ASSIGNED TASK.
Read through the listing, and wherever a line holds the word "profile", return it.

INFORMATION PROVIDED.
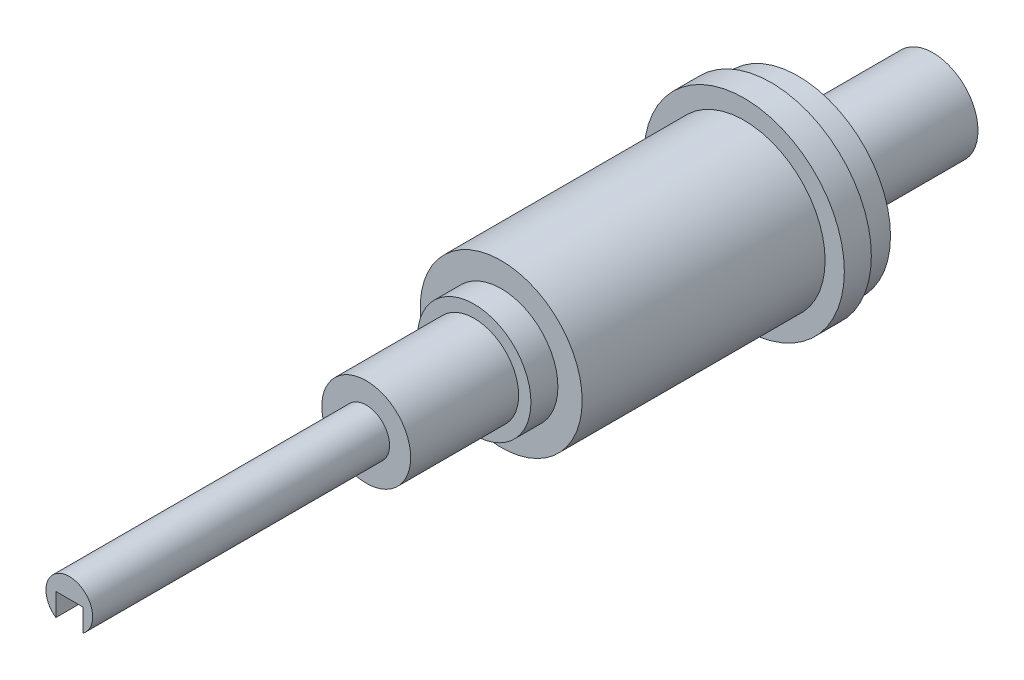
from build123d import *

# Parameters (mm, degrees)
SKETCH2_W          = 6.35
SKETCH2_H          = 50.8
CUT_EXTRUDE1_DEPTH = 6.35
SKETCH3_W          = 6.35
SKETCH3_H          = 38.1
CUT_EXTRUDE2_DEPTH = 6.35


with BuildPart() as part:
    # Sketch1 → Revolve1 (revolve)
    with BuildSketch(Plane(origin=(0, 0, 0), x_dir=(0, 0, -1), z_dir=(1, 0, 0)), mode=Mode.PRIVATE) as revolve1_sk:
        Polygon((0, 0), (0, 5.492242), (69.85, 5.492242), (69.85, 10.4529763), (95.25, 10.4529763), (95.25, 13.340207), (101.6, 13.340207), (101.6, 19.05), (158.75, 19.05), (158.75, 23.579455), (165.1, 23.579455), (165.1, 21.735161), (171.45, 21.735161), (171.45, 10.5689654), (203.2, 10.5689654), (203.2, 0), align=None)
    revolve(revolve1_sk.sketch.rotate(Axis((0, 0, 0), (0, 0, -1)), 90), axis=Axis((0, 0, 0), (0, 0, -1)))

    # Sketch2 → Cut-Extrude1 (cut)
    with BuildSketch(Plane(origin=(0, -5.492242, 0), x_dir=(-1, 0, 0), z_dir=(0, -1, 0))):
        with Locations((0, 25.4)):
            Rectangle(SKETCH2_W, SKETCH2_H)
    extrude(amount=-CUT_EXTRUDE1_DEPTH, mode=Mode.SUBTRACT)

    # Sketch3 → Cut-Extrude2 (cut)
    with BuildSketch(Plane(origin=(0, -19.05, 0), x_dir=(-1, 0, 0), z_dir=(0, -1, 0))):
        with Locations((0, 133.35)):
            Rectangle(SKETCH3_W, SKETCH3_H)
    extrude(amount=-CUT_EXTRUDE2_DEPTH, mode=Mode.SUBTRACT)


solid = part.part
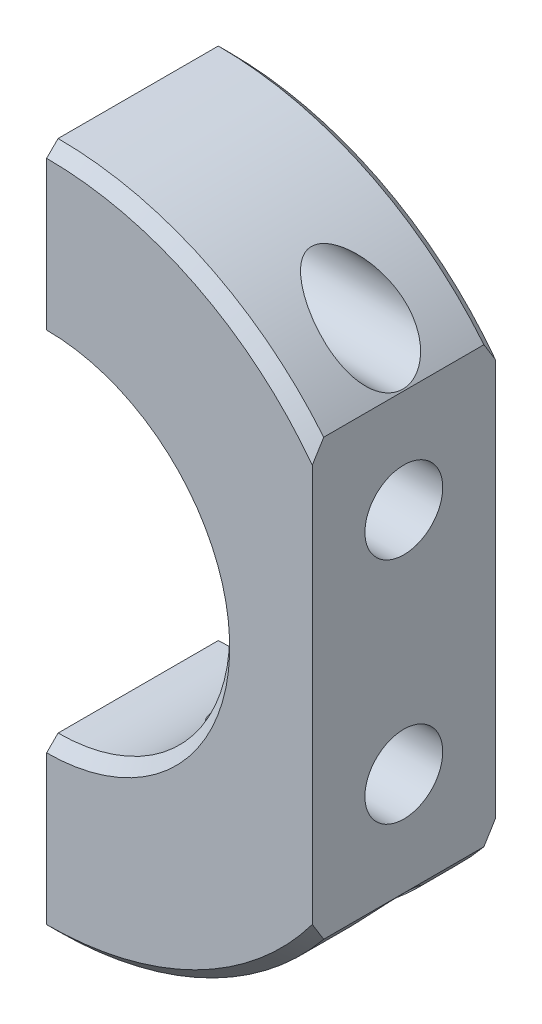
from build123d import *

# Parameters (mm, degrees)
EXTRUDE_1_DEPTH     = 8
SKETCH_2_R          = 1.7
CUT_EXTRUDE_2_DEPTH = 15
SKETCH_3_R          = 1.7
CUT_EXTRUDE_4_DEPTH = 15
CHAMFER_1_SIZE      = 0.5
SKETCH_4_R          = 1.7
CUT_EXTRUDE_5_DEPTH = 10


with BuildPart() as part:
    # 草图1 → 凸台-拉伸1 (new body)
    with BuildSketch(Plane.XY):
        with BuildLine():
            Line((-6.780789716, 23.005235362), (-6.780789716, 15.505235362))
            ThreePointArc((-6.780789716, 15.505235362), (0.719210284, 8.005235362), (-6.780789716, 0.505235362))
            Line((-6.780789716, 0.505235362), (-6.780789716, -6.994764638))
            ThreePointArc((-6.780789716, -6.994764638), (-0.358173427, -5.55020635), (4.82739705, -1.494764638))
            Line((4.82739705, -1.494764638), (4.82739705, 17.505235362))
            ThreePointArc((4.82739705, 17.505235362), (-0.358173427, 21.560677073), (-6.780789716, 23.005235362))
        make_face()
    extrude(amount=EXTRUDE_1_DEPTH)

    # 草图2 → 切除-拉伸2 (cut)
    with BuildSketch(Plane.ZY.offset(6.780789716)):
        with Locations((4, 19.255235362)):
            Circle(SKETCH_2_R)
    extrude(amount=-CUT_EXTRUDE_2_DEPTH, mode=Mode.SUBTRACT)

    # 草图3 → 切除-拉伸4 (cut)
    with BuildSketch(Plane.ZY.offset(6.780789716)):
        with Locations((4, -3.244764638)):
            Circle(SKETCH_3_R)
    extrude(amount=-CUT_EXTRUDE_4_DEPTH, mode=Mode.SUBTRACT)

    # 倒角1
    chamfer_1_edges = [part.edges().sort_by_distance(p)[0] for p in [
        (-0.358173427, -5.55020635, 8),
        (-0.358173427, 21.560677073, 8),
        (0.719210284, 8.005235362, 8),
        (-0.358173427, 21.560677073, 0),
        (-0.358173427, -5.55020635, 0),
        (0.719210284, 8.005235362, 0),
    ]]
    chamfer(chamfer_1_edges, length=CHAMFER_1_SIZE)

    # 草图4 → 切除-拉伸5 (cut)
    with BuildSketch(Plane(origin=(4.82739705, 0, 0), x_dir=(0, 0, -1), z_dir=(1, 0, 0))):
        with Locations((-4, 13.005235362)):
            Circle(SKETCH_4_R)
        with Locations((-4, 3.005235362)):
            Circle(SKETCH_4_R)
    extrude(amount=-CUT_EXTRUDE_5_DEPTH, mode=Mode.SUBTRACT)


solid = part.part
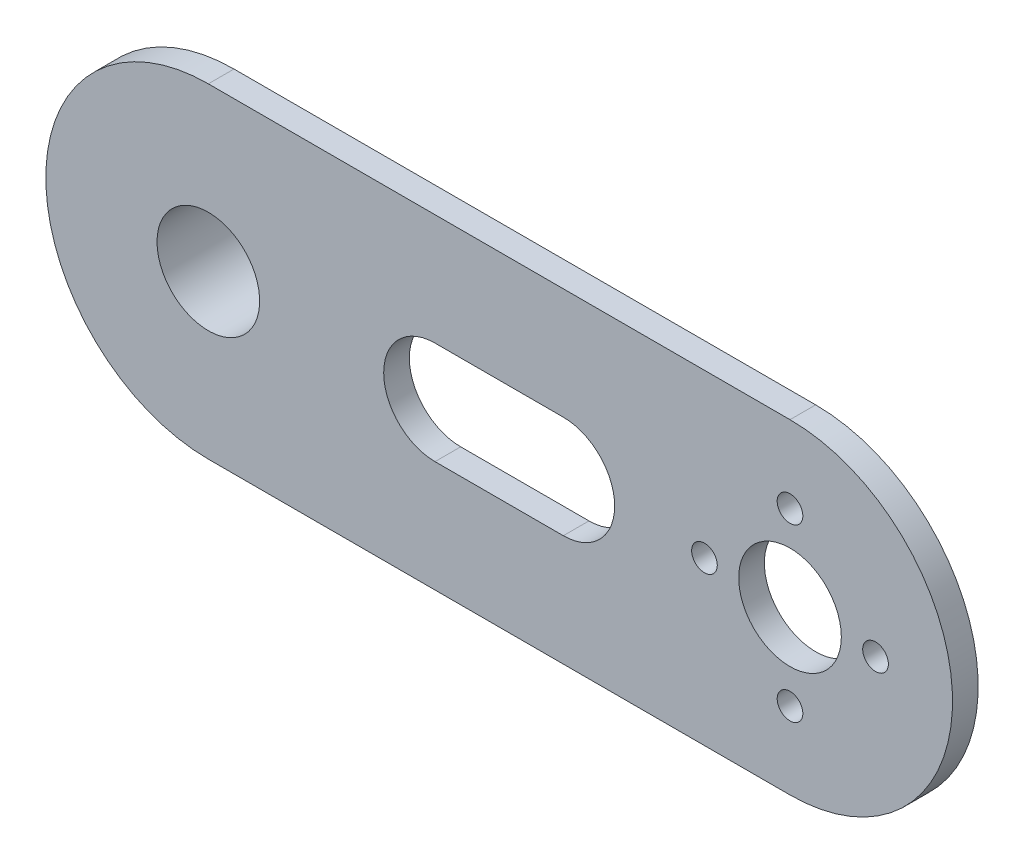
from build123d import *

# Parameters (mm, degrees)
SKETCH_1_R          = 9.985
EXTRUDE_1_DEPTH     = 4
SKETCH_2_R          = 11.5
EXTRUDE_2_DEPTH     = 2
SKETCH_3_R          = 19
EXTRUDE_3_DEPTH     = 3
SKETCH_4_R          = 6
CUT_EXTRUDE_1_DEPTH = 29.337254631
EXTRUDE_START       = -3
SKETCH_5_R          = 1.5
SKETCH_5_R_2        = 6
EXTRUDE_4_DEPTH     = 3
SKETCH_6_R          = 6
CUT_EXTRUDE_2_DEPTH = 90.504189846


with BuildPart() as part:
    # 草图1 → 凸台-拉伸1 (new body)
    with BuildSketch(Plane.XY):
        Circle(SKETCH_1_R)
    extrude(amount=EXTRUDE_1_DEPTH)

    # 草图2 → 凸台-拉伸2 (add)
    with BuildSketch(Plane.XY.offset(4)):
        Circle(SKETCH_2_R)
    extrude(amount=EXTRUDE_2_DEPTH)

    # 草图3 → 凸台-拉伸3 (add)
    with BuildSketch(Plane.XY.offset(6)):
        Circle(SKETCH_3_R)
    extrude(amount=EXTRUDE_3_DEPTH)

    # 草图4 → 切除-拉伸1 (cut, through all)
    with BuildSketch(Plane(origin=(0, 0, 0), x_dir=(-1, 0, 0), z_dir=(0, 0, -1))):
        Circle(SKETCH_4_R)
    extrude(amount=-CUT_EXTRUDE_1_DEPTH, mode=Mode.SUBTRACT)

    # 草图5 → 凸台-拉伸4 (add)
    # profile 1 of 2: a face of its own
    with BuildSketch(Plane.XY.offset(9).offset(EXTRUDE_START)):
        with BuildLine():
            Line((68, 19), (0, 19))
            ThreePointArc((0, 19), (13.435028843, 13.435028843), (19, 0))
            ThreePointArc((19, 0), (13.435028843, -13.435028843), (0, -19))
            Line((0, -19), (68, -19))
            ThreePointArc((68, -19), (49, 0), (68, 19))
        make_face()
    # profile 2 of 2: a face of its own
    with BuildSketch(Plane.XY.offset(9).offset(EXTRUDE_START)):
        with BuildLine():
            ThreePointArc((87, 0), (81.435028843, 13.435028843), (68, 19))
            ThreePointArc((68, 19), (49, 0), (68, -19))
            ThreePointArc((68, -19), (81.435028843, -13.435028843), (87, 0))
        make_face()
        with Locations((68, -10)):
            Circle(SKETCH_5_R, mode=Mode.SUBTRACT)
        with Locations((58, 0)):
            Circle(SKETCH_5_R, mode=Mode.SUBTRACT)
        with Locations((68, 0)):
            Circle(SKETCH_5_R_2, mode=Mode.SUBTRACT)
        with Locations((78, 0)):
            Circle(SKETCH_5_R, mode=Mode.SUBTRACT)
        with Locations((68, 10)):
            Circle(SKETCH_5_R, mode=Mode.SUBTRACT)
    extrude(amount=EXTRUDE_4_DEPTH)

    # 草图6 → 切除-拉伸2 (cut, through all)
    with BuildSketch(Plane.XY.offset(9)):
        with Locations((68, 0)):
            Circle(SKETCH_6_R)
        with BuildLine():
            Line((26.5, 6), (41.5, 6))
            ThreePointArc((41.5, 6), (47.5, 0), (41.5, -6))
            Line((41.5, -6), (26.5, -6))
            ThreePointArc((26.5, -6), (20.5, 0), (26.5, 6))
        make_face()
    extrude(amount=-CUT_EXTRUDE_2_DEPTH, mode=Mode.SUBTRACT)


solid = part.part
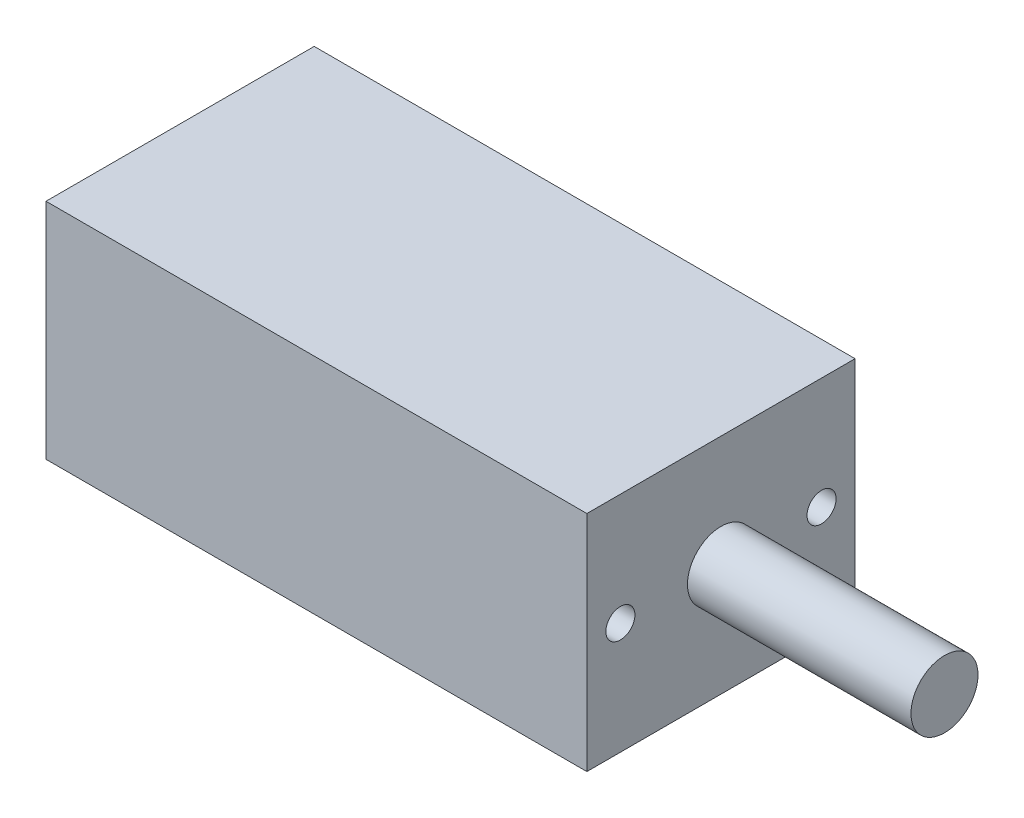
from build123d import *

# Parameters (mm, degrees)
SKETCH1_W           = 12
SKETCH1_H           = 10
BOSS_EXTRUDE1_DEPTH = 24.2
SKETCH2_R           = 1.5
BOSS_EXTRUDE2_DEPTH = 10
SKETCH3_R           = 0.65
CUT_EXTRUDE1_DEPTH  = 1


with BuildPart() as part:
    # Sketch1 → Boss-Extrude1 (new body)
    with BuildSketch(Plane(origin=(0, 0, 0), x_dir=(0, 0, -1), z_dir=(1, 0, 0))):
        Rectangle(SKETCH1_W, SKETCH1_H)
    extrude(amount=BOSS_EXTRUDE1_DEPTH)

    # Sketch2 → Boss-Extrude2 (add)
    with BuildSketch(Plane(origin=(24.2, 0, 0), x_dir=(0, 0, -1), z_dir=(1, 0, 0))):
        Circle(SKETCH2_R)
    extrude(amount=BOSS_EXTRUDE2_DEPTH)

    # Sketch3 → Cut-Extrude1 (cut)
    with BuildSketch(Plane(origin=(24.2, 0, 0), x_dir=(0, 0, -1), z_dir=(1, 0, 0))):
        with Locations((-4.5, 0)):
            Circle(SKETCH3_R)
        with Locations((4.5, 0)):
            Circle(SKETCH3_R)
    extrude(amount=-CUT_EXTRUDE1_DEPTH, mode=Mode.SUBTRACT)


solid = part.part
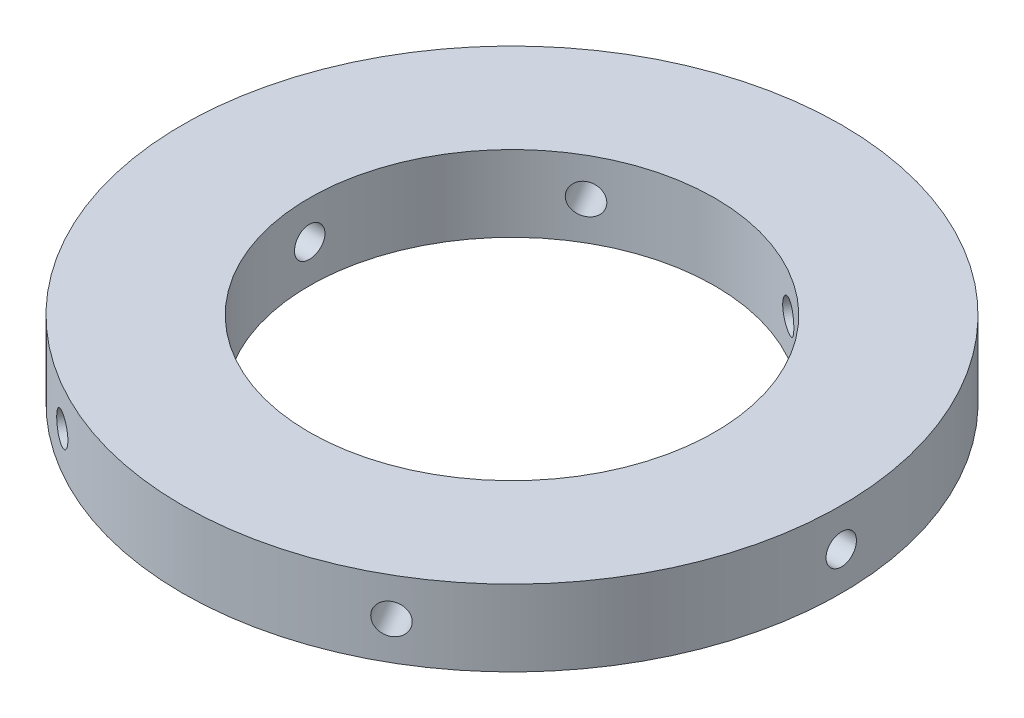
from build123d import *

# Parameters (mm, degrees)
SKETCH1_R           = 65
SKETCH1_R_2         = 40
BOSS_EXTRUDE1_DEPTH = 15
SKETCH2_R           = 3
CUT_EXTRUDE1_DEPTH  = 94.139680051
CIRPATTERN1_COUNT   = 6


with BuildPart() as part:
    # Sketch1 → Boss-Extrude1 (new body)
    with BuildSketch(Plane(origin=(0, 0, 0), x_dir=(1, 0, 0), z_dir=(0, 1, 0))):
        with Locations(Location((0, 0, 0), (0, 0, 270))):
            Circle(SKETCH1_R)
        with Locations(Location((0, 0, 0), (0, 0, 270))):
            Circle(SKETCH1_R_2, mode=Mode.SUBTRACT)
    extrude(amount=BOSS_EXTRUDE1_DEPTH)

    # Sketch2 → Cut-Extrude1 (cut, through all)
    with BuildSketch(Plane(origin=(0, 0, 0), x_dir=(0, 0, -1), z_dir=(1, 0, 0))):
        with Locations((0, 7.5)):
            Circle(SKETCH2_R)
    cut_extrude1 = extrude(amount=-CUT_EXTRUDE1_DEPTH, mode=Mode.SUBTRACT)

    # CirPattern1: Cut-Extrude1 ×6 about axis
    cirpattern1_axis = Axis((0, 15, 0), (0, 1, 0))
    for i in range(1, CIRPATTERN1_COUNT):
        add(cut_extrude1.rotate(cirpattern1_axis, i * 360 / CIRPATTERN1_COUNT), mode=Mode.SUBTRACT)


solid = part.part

TASK OUTPUT.
    # profile 1 of 2: a face of its own
    # profile 2 of 2: a face of its own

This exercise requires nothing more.